Start of Source data

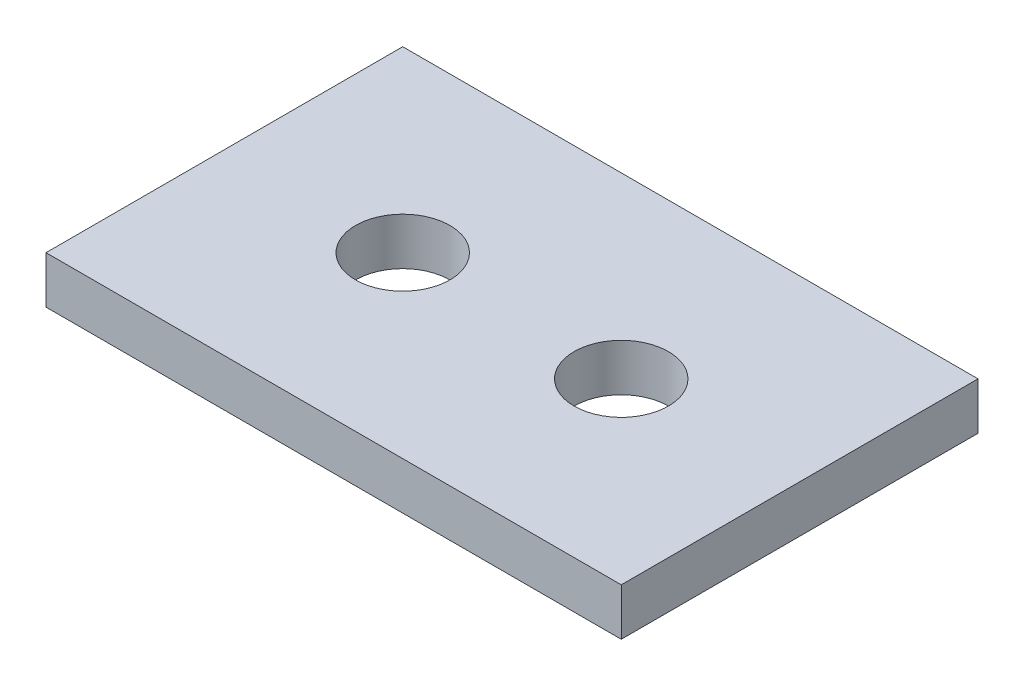
from build123d import *

# Parameters (mm, degrees)
SKETCH1_W           = 19.35
SKETCH1_H           = 12
SKETCH1_R           = 1.5875
BOSS_EXTRUDE1_DEPTH = 0.79375


with BuildPart() as part:
    # Sketch1 → Boss-Extrude1 (new, symmetric)
    with BuildSketch(Plane(origin=(0, 0, 0), x_dir=(1, 0, 0), z_dir=(0, 1, 0))):
        Rectangle(SKETCH1_W, SKETCH1_H)
        with Locations((-3.675, 0)):
            Circle(SKETCH1_R, mode=Mode.SUBTRACT)
        with Locations((3.675, 0)):
            Circle(SKETCH1_R, mode=Mode.SUBTRACT)
    extrude(amount=BOSS_EXTRUDE1_DEPTH, both=True)


solid = part.part

End of Source data

The pictures stay out; please reproduce everything else in the entries exactly.

from build123d import *

# Parameters (mm, degrees)
SKETCH1_W           = 19.35
SKETCH1_H           = 12
SKETCH1_R           = 1.5875
BOSS_EXTRUDE1_DEPTH = 0.79375


with BuildPart() as part:
    # Sketch1 → Boss-Extrude1 (new, symmetric)
    with BuildSketch(Plane(origin=(0, 0, 0), x_dir=(1, 0, 0), z_dir=(0, 1, 0))):
        Rectangle(SKETCH1_W, SKETCH1_H)
        with Locations((-3.675, 0)):
            Circle(SKETCH1_R, mode=Mode.SUBTRACT)
        with Locations((3.675, 0)):
            Circle(SKETCH1_R, mode=Mode.SUBTRACT)
    extrude(amount=BOSS_EXTRUDE1_DEPTH, both=True)


solid = part.part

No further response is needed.